# Confused need help!



## kvn (Mar 11, 2021)

I'm seeing lots of different ideas on what temperature is safe to hot smoke pork loin after cold smoking 4 days. I want to make sure its safe and good.


----------



## smokerjim (Mar 11, 2021)

you need to cure the loin if cold smoking for 4 days, then i believe pork is safe to eat at internal temp of 145. hope that helps


----------



## bregent (Mar 11, 2021)

As mentioned in your other thread, if you used Tenderquick at the same rates as specified for Cure #2, then your pork is essentially uncured. If you then cold smoked it for 4 days, it is probably ruined and not safe to consume.


----------



## kvn (Mar 11, 2021)

bregent said:


> As mentioned in your other thread, if you used Tenderquick at the same rates as specified for Cure #2, then your pork is essentially uncured. If you then cold smoked it for 4 days, it is probably ruined and not safe to consume.


Ok, so I put it on the trager and individually check internal temps, ranging from 150-177

would you consider them safe ?

If not, what is a good rule of thumb to identify ?


----------



## bregent (Mar 11, 2021)

kvn said:


> Ok, so I put it on the trager and individually check internal temps, ranging from 150-177



The issue is whether or not you cured them prior to smoking. Please answer the following:

How much did the loin weigh?
How much Tenderquick did you use?
How long did you "cure" it?
How long did you smoke?
What temp did you cold smoke?


----------



## chopsaw (Mar 11, 2021)

I'm getting dizzy . 
I think the best help would be to start over .


----------



## kvn (Mar 11, 2021)

bregent said:


> The issue is whether or not you cured them prior to smoking. Please answer the following:
> 
> How much did the loin weigh?
> How much Tenderquick did you use?
> ...


Ok: 13.5 pounds of loin

had it in cure for 11 days

tenderquick I used


bregent said:


> The issue is whether or not you cured them prior to smoking. Please answer the following:
> 
> How much did the loin weigh?
> How much Tenderquick did you use?
> ...


2.8% Salt
0.3% tenderquick
0.25% Sugar
0.8% Black Pepper
0.6% Hungarian Paprika
0.15% Garlic Powder 


loin weight 13.5 lbs chunked into 5 sections.
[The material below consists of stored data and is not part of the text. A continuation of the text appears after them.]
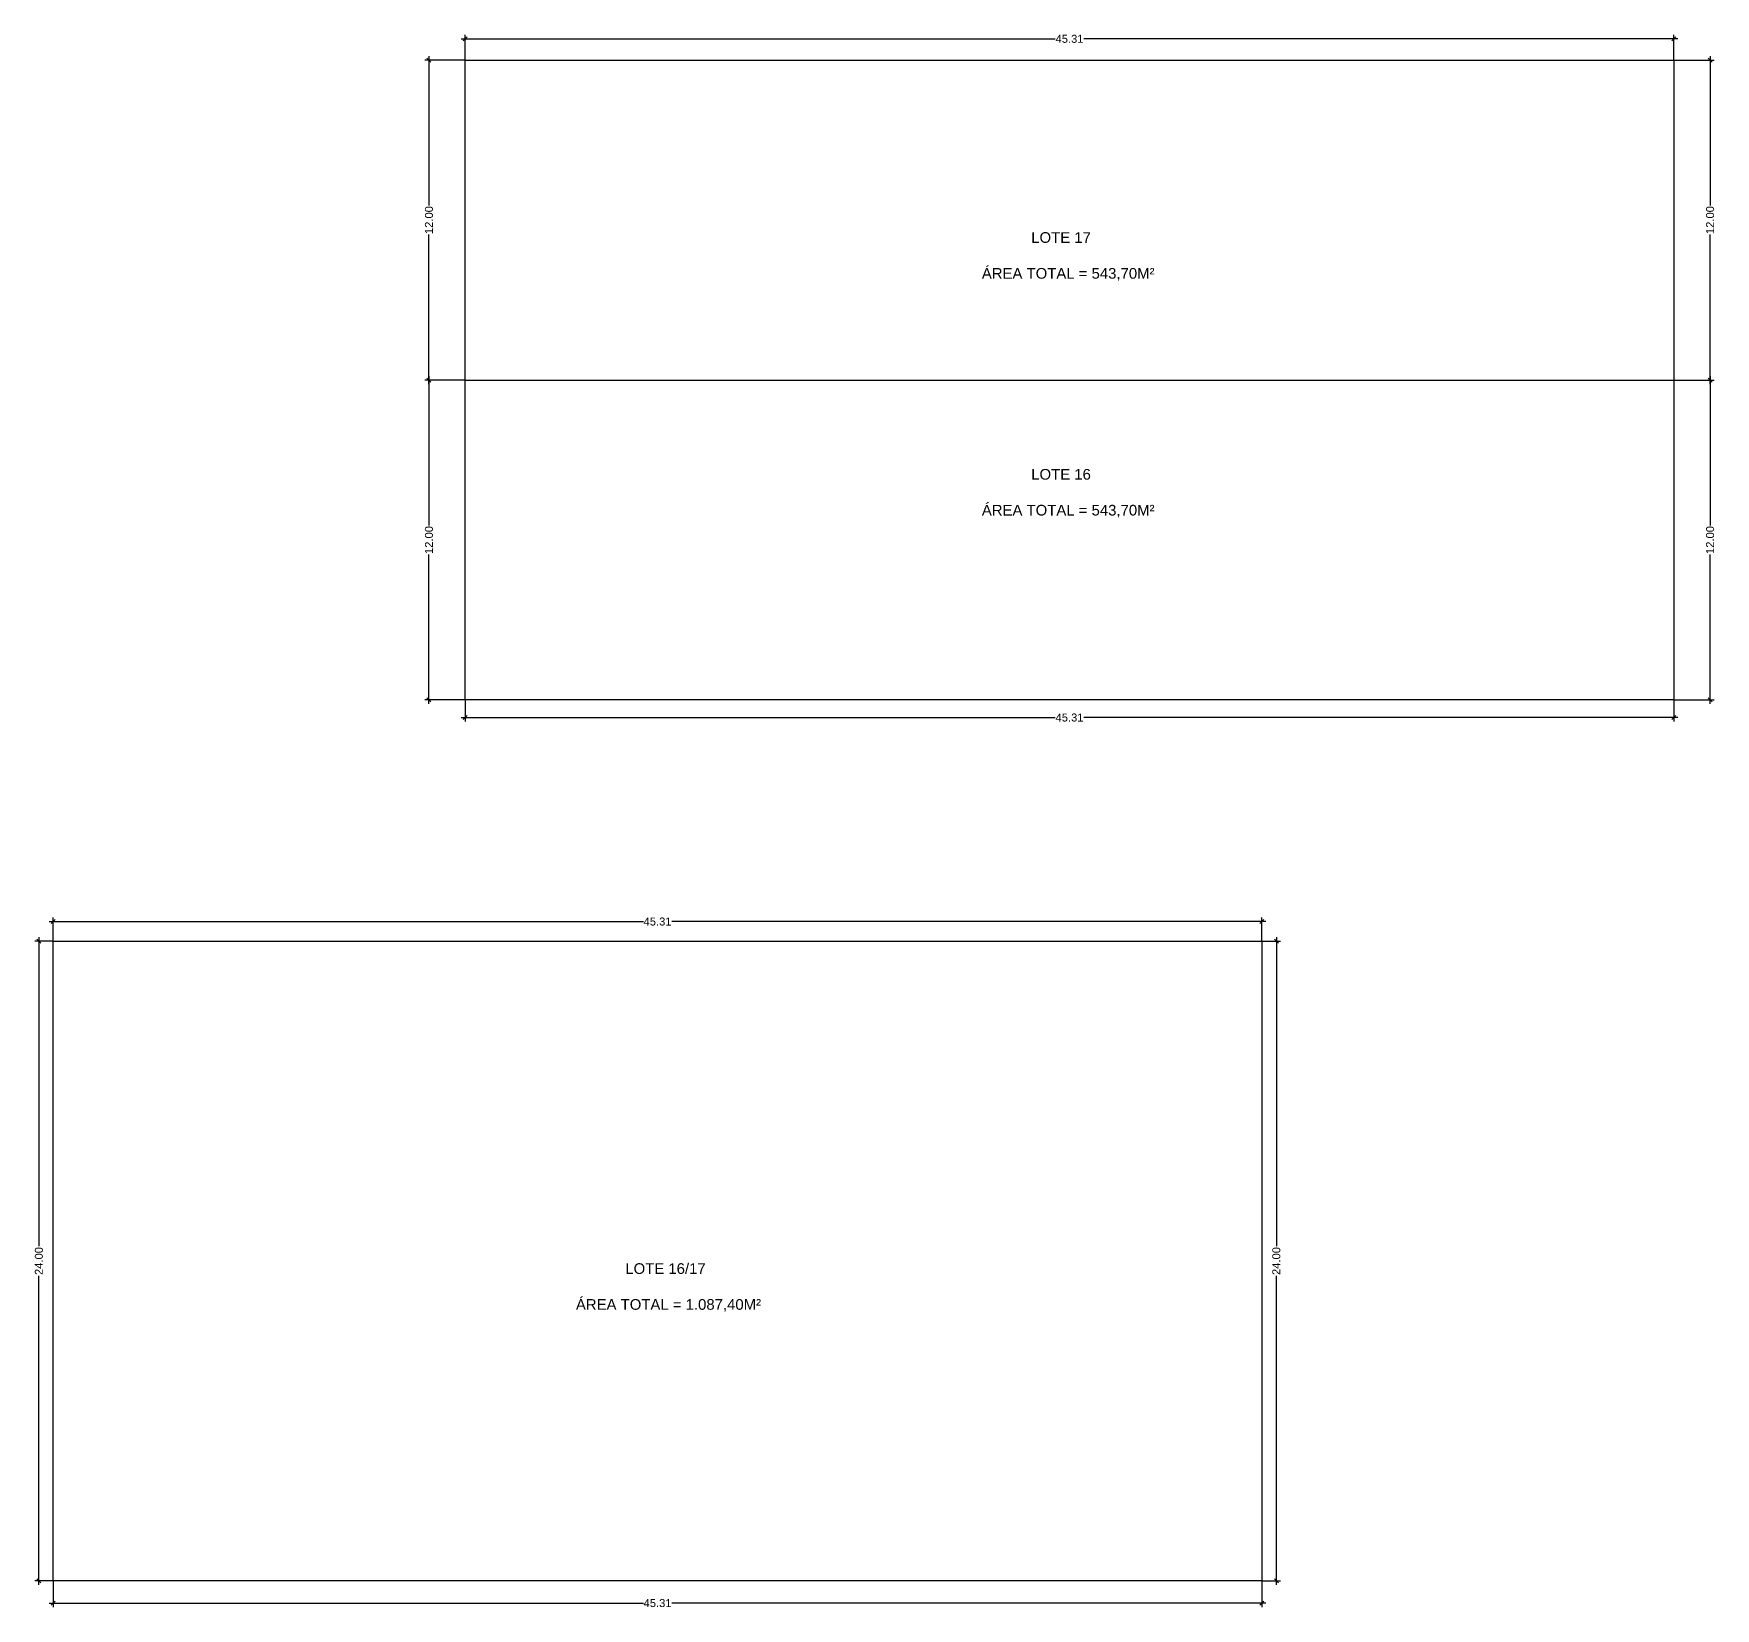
# Model space of a CAD drawing. Extents: x 71 to 190, y 136 to 195.
# Drawn here: x 126.9 to 189.9, y 135.9 to 194.9 of the extents above; entities that cross this region are included whole.
import ezdxf

# ---------------------------------------------------------------- set-up
doc = ezdxf.new("R2010")
doc.units = 0
doc.header["$MEASUREMENT"] = 0
doc.layers.get('0').update_dxf_attribs({"linetype": 'CONTINUOUS'})
doc.layers.get('DEFPOINTS').update_dxf_attribs({"linetype": 'CONTINUOUS'})
doc.layers.add('cota', color=1, linetype='CONTINUOUS')
doc.layers.add('texto', color=7, linetype='CONTINUOUS')
doc.styles.get("Standard").update_dxf_attribs({"font": 'arial.ttf'})
doc.dimstyles.new('cotass', dxfattribs={"dimtxt": 0.15, "dimasz": 0.15, "dimexe": 0.15, "dimexo": 0, "dimgap": 0.05, "dimtad": 0, "dimzin": 4, "dimdsep": 46, "dimtxsty": 'Standard', "dimblk": 'OBLIQUE', "dimcen": 0, "dimdle": 0.15, "dimclrd": 256, "dimclrt": 4, "dimadec": 0, "dimazin": 1, "dimtfac": 1, "dimtix": 1, "dimtofl": 0, "dimtmove": 0, "dimatfit": 3, "dimldrblk": 'OPEN30', "dimfxl": 0, "dimtolj": 1, "dimtzin": 0, "dimlwd": -1, "dimarcsym": 0})

# ---------------------------------------------------------------- blocks, each defined once
blk = doc.blocks.new('_Oblique')
at = {"color": 0, "linetype": 'ByBlock', "lineweight": -2}
blk.add_line((-0.5, -0.5), (0.5, 0.5), dxfattribs=at)
blk = doc.blocks.new('*D8')
at = {"layer": 'cota', "color": 0, "lineweight": -2, "transparency": 16777216}
for p, q in [((143.056, 193.924), (143.056, 194.87)), ((188.366, 193.924), (188.366, 194.87))]:
    blk.add_line(p, q, dxfattribs=at)
at = {"layer": 'cota', "transparency": 16777216}
for p, q in [((142.906, 194.72), (165.178, 194.72)), ((188.516, 194.72), (166.245, 194.72))]:
    blk.add_line(p, q, dxfattribs=at)
at = {"layer": 'DEFPOINTS', "color": 0, "transparency": 16777216}
for p in [(188.366, 194.72), (143.056, 193.924), (188.366, 193.924)]:
    blk.add_point(p, dxfattribs=at)
at = {"layer": 'cota', "transparency": 16777216, "xscale": 0.15, "yscale": 0.15, "zscale": 0.15, "rotation": 180}
blk.add_blockref('_Oblique', (143.056, 194.72), dxfattribs=at)
at = {"layer": 'cota', "transparency": 16777216, "xscale": 0.15, "yscale": 0.15, "zscale": 0.15}
blk.add_blockref('_Oblique', (188.366, 194.72), dxfattribs=at)
at = {"layer": 'cota', "color": 4, "transparency": 16777216, "insert": (165.711, 194.72), "char_height": 0.3, "attachment_point": 5}
blk.add_mtext('\\A1;45.31', dxfattribs=at)
blk = doc.blocks.new('_Open30')
at = {"color": 0, "linetype": 'ByBlock', "lineweight": -2}
for p, q in [((-1, 0.27), (0, 0)), ((0, 0), (-1, -0.27)), ((0, 0), (-1, 0))]:
    blk.add_line(p, q, dxfattribs=at)
blk = doc.blocks.new('*D9')
at = {"layer": 'cota', "color": 0, "lineweight": -2, "transparency": 16777216}
for p, q in [((143.056, 193.924), (141.544, 193.924)), ((143.056, 181.924), (141.544, 181.924))]:
    blk.add_line(p, q, dxfattribs=at)
at = {"layer": 'cota', "transparency": 16777216}
for p, q in [((141.694, 194.074), (141.694, 188.466)), ((141.694, 181.774), (141.694, 187.383))]:
    blk.add_line(p, q, dxfattribs=at)
at = {"layer": 'DEFPOINTS', "color": 0, "transparency": 16777216}
for p in [(143.056, 193.924), (141.694, 181.924), (143.056, 181.924)]:
    blk.add_point(p, dxfattribs=at)
at = {"layer": 'cota', "transparency": 16777216, "xscale": 0.15, "yscale": 0.15, "zscale": 0.15}
for p, rotation in [((141.694, 193.924), 90), ((141.694, 181.924), 270)]:
    blk.add_blockref('_Oblique', p, dxfattribs=dict(at, rotation=rotation))
at = {"layer": 'cota', "color": 4, "transparency": 16777216, "insert": (141.694, 187.924), "char_height": 0.3, "attachment_point": 5, "rotation": 90}
blk.add_mtext('\\A1;12.00', dxfattribs=at)
blk = doc.blocks.new('*D10')
at = {"layer": 'cota', "color": 0, "lineweight": -2, "transparency": 16777216}
for p, q in [((143.056, 181.924), (141.544, 181.924)), ((143.056, 169.924), (141.544, 169.924))]:
    blk.add_line(p, q, dxfattribs=at)
at = {"layer": 'cota', "transparency": 16777216}
for p, q in [((141.694, 182.074), (141.694, 176.466)), ((141.694, 169.774), (141.694, 175.383))]:
    blk.add_line(p, q, dxfattribs=at)
at = {"layer": 'DEFPOINTS', "color": 0, "transparency": 16777216}
for p in [(143.056, 181.924), (141.694, 169.924), (143.056, 169.924)]:
    blk.add_point(p, dxfattribs=at)
at = {"layer": 'cota', "transparency": 16777216, "xscale": 0.15, "yscale": 0.15, "zscale": 0.15}
for p, rotation in [((141.694, 181.924), 90), ((141.694, 169.924), 270)]:
    blk.add_blockref('_Oblique', p, dxfattribs=dict(at, rotation=rotation))
at = {"layer": 'cota', "color": 4, "transparency": 16777216, "insert": (141.694, 175.924), "char_height": 0.3, "attachment_point": 5, "rotation": 90}
blk.add_mtext('\\A1;12.00', dxfattribs=at)
blk = doc.blocks.new('*D11')
at = {"layer": 'cota', "color": 0, "lineweight": -2, "transparency": 16777216}
for p, q in [((188.366, 193.924), (189.879, 193.924)), ((188.366, 181.924), (189.879, 181.924))]:
    blk.add_line(p, q, dxfattribs=at)
at = {"layer": 'cota', "transparency": 16777216}
for p, q in [((189.729, 194.074), (189.729, 188.466)), ((189.729, 181.774), (189.729, 187.383))]:
    blk.add_line(p, q, dxfattribs=at)
at = {"layer": 'DEFPOINTS', "color": 0, "transparency": 16777216}
for p in [(188.366, 193.924), (188.366, 181.924), (189.729, 181.924)]:
    blk.add_point(p, dxfattribs=at)
at = {"layer": 'cota', "transparency": 16777216, "xscale": 0.15, "yscale": 0.15, "zscale": 0.15}
for p, rotation in [((189.729, 193.924), 90), ((189.729, 181.924), 270)]:
    blk.add_blockref('_Oblique', p, dxfattribs=dict(at, rotation=rotation))
at = {"layer": 'cota', "color": 4, "transparency": 16777216, "insert": (189.729, 187.924), "char_height": 0.3, "attachment_point": 5, "rotation": 90}
blk.add_mtext('\\A1;12.00', dxfattribs=at)
blk = doc.blocks.new('*D12')
at = {"layer": 'cota', "color": 0, "lineweight": -2, "transparency": 16777216}
for p, q in [((188.366, 181.924), (189.879, 181.924)), ((188.366, 169.924), (189.879, 169.924))]:
    blk.add_line(p, q, dxfattribs=at)
at = {"layer": 'cota', "transparency": 16777216}
for p, q in [((189.729, 182.074), (189.729, 176.466)), ((189.729, 169.774), (189.729, 175.383))]:
    blk.add_line(p, q, dxfattribs=at)
at = {"layer": 'DEFPOINTS', "color": 0, "transparency": 16777216}
for p in [(188.366, 181.924), (188.366, 169.924), (189.729, 169.924)]:
    blk.add_point(p, dxfattribs=at)
at = {"layer": 'cota', "transparency": 16777216, "xscale": 0.15, "yscale": 0.15, "zscale": 0.15}
for p, rotation in [((189.729, 181.924), 90), ((189.729, 169.924), 270)]:
    blk.add_blockref('_Oblique', p, dxfattribs=dict(at, rotation=rotation))
at = {"layer": 'cota', "color": 4, "transparency": 16777216, "insert": (189.729, 175.924), "char_height": 0.3, "attachment_point": 5, "rotation": 90}
blk.add_mtext('\\A1;12.00', dxfattribs=at)
blk = doc.blocks.new('*D13')
at = {"layer": 'cota', "color": 0, "lineweight": -2, "transparency": 16777216}
for p, q in [((143.056, 169.924), (143.056, 169.115)), ((188.366, 169.924), (188.366, 169.115))]:
    blk.add_line(p, q, dxfattribs=at)
at = {"layer": 'cota', "transparency": 16777216}
for p, q in [((142.906, 169.265), (165.178, 169.265)), ((188.516, 169.265), (166.245, 169.265))]:
    blk.add_line(p, q, dxfattribs=at)
at = {"layer": 'DEFPOINTS', "color": 0, "transparency": 16777216}
for p in [(143.056, 169.924), (188.366, 169.924), (188.366, 169.265)]:
    blk.add_point(p, dxfattribs=at)
at = {"layer": 'cota', "transparency": 16777216, "xscale": 0.15, "yscale": 0.15, "zscale": 0.15, "rotation": 180}
blk.add_blockref('_Oblique', (143.056, 169.265), dxfattribs=at)
at = {"layer": 'cota', "transparency": 16777216, "xscale": 0.15, "yscale": 0.15, "zscale": 0.15}
blk.add_blockref('_Oblique', (188.366, 169.265), dxfattribs=at)
at = {"layer": 'cota', "color": 4, "transparency": 16777216, "insert": (165.711, 169.265), "char_height": 0.3, "attachment_point": 5}
blk.add_mtext('\\A1;45.31', dxfattribs=at)
blk = doc.blocks.new('*D14')
at = {"layer": 'cota', "transparency": 16777216}
for p, q in [((127.459, 161.614), (149.731, 161.614)), ((173.069, 161.614), (150.797, 161.614))]:
    blk.add_line(p, q, dxfattribs=at)
at = {"layer": 'cota', "color": 0, "lineweight": -2, "transparency": 16777216}
for p, q in [((127.609, 160.882), (127.609, 161.764)), ((172.919, 160.882), (172.919, 161.764))]:
    blk.add_line(p, q, dxfattribs=at)
at = {"layer": 'DEFPOINTS', "color": 0, "transparency": 16777216}
for p in [(172.919, 161.614), (127.609, 160.882), (172.919, 160.882)]:
    blk.add_point(p, dxfattribs=at)
at = {"layer": 'cota', "transparency": 16777216, "xscale": 0.15, "yscale": 0.15, "zscale": 0.15, "rotation": 180}
blk.add_blockref('_Oblique', (127.609, 161.614), dxfattribs=at)
at = {"layer": 'cota', "transparency": 16777216, "xscale": 0.15, "yscale": 0.15, "zscale": 0.15}
blk.add_blockref('_Oblique', (172.919, 161.614), dxfattribs=at)
at = {"layer": 'cota', "color": 4, "transparency": 16777216, "insert": (150.264, 161.614), "char_height": 0.3, "attachment_point": 5}
blk.add_mtext('\\A1;45.31', dxfattribs=at)
blk = doc.blocks.new('*D15')
at = {"layer": 'cota', "color": 0, "lineweight": -2, "transparency": 16777216}
for p, q in [((127.609, 160.882), (126.917, 160.882)), ((127.609, 136.882), (126.917, 136.882))]:
    blk.add_line(p, q, dxfattribs=at)
at = {"layer": 'cota', "transparency": 16777216}
for p, q in [((127.067, 161.032), (127.067, 149.441)), ((127.067, 136.732), (127.067, 148.324))]:
    blk.add_line(p, q, dxfattribs=at)
at = {"layer": 'DEFPOINTS', "color": 0, "transparency": 16777216}
for p in [(127.609, 160.882), (127.067, 136.882), (127.609, 136.882)]:
    blk.add_point(p, dxfattribs=at)
at = {"layer": 'cota', "transparency": 16777216, "xscale": 0.15, "yscale": 0.15, "zscale": 0.15}
for p, rotation in [((127.067, 160.882), 90), ((127.067, 136.882), 270)]:
    blk.add_blockref('_Oblique', p, dxfattribs=dict(at, rotation=rotation))
at = {"layer": 'cota', "color": 4, "transparency": 16777216, "insert": (127.067, 148.882), "char_height": 0.3, "attachment_point": 5, "rotation": 90}
blk.add_mtext('\\A1;24.00', dxfattribs=at)
blk = doc.blocks.new('*D16')
at = {"layer": 'cota', "color": 0, "lineweight": -2, "transparency": 16777216}
for p, q in [((172.919, 160.882), (173.615, 160.882)), ((172.919, 136.882), (173.615, 136.882))]:
    blk.add_line(p, q, dxfattribs=at)
at = {"layer": 'cota', "transparency": 16777216}
for p, q in [((173.465, 161.032), (173.465, 149.441)), ((173.465, 136.732), (173.465, 148.324))]:
    blk.add_line(p, q, dxfattribs=at)
at = {"layer": 'DEFPOINTS', "color": 0, "transparency": 16777216}
for p in [(172.919, 160.882), (172.919, 136.882), (173.465, 136.882)]:
    blk.add_point(p, dxfattribs=at)
at = {"layer": 'cota', "transparency": 16777216, "xscale": 0.15, "yscale": 0.15, "zscale": 0.15}
for p, rotation in [((173.465, 160.882), 90), ((173.465, 136.882), 270)]:
    blk.add_blockref('_Oblique', p, dxfattribs=dict(at, rotation=rotation))
at = {"layer": 'cota', "color": 4, "transparency": 16777216, "insert": (173.465, 148.882), "char_height": 0.3, "attachment_point": 5, "rotation": 90}
blk.add_mtext('\\A1;24.00', dxfattribs=at)
blk = doc.blocks.new('*D17')
at = {"layer": 'cota', "color": 0, "lineweight": -2, "transparency": 16777216}
for p, q in [((127.609, 136.882), (127.609, 135.902)), ((172.919, 136.882), (172.919, 135.902))]:
    blk.add_line(p, q, dxfattribs=at)
at = {"layer": 'cota', "transparency": 16777216}
for p, q in [((127.459, 136.052), (149.731, 136.052)), ((173.069, 136.052), (150.797, 136.052))]:
    blk.add_line(p, q, dxfattribs=at)
at = {"layer": 'DEFPOINTS', "color": 0, "transparency": 16777216}
for p in [(127.609, 136.882), (172.919, 136.882), (172.919, 136.052)]:
    blk.add_point(p, dxfattribs=at)
at = {"layer": 'cota', "transparency": 16777216, "xscale": 0.15, "yscale": 0.15, "zscale": 0.15, "rotation": 180}
blk.add_blockref('_Oblique', (127.609, 136.052), dxfattribs=at)
at = {"layer": 'cota', "transparency": 16777216, "xscale": 0.15, "yscale": 0.15, "zscale": 0.15}
blk.add_blockref('_Oblique', (172.919, 136.052), dxfattribs=at)
at = {"layer": 'cota', "color": 4, "transparency": 16777216, "insert": (150.264, 136.052), "char_height": 0.3, "attachment_point": 5}
blk.add_mtext('\\A1;45.31', dxfattribs=at)

msp = doc.modelspace()

# ---------------------------------------------------------------- linework, layer by layer
msp.add_line((143.056, 181.924), (188.366, 181.924))
for points in [[(143.056, 193.924), (188.366, 193.924), (188.366, 169.924), (143.056, 169.924), (143.056, 193.924)], [(127.609, 160.882), (172.919, 160.882), (172.919, 136.882), (127.609, 136.882), (127.609, 160.882)]]:
    msp.add_lwpolyline(points)

# ---------------------------------------------------------------- texts
at = {"layer": 'texto'}
for s, p in [('LOTE 17', (164.275, 187.07)), ('ÁREA TOTAL = 543,70M²', (162.423, 185.725)), ('LOTE 16', (164.275, 178.188)), ('ÁREA TOTAL = 543,70M²', (162.423, 176.843)), ('LOTE 16/17', (149.055, 148.399)), ('ÁREA TOTAL = 1.087,40M²', (147.203, 147.054))]:
    msp.add_text(s, height=0.4, dxfattribs=at).set_placement(p)

# ---------------------------------------------------------------- dimensions: what is measured, and where the dimension line sits
at = {"layer": 'cota'}
for base, p1, p2, picture, middle in [((188.366, 194.72), (143.056, 193.924), (188.366, 193.924), '*D8', (165.711, 194.72)), ((188.366, 169.265), (143.056, 169.924), (188.366, 169.924), '*D13', (165.711, 169.265)), ((172.919, 161.614), (127.609, 160.882), (172.919, 160.882), '*D14', (150.264, 161.614)), ((172.919, 136.052), (127.609, 136.882), (172.919, 136.882), '*D17', (150.264, 136.052))]:
    dim = msp.add_linear_dim(base=base, p1=p1, p2=p2, dimstyle='cotass', override={"dimtxt": 0.3}, dxfattribs=at)
    dim.commit()
    dim.dimension.update_dxf_attribs({"geometry": picture, "text_midpoint": middle})
for base, p1, p2, picture, middle in [((141.694, 181.924), (143.056, 193.924), (143.056, 181.924), '*D9', (141.694, 187.924)), ((189.729, 181.924), (188.366, 193.924), (188.366, 181.924), '*D11', (189.729, 187.924)), ((141.694, 169.924), (143.056, 181.924), (143.056, 169.924), '*D10', (141.694, 175.924)), ((189.729, 169.924), (188.366, 181.924), (188.366, 169.924), '*D12', (189.729, 175.924)), ((127.067, 136.882), (127.609, 160.882), (127.609, 136.882), '*D15', (127.067, 148.882)), ((173.465, 136.882), (172.919, 160.882), (172.919, 136.882), '*D16', (173.465, 148.882))]:
    dim = msp.add_linear_dim(base=base, p1=p1, p2=p2, angle=90, dimstyle='cotass', override={"dimtxt": 0.3}, dxfattribs=at)
    dim.commit()
    dim.dimension.update_dxf_attribs({"geometry": picture, "text_midpoint": middle})

doc.saveas('drawing.dxf')

my smoker varied  between 68-74

smoked 4 days

put on traeger : internal temps reached 150-177

meat in cure 11 days


----------



## bregent (Mar 11, 2021)

ok, so .3% of 13.5 lbs is about 18 grams. Is that how much TQ you used?
If so, then you essentially have uncured pork. Left in the fridge for 11 days is not good, although the salt probably prevented spoilage.  Then you kept it at room temperature for 4 days while you cold smoked.
At this point, I would not eat it.
Start over and make sure you fully understand the process before you proceed,


----------



## kvn (Mar 11, 2021)

bregent said:


> ok, so .3% of 13.5 lbs is about 18 grams. Is that how much TQ you used?
> If so, then you essentially have uncured pork. Left in the fridge for 11 days is not good, although the salt probably prevented spoilage.  Then you kept it at room temperature for 4 days while you cold smoked.
> At this point, I would not eat it.
> Start over and make sure you fully understand the process before you proceed,


That is what I used,
thanks for the input


----------



## daveomak (Mar 11, 2021)

If 0.3% TQ was in some recipe you found, BURN IT !!!!...


----------



## gibsongilbert (Jul 18, 2022)

kvn said:


> I'm seeing lots of different ideas on what temperature is safe to hot smoke pork loin after cold smoking 4 days. I want to make sure its safe and good. gb whatsapp apk


I thought true cold smoking was under 40 degrees like when u add smoke to fresh sausage ?


----------



## 912smoker (Jul 18, 2022)

Good info


----------



## smokerjim (Jul 18, 2022)

I believe cold smoking cured meats is smoked between 40-75


----------



## SmokinEdge (Jul 18, 2022)

kvn said:


> Ok: 13.5 pounds of loin
> 
> had it in cure for 11 days
> 
> ...


Next time use this same recipe but leave out the Tender Quick and add .25% cure #1 and you are golden.


----------



## daveomak (Jul 18, 2022)

gibsongilbert said:


> I thought true cold smoking was under 40 degrees like when u add smoke to fresh sausage ?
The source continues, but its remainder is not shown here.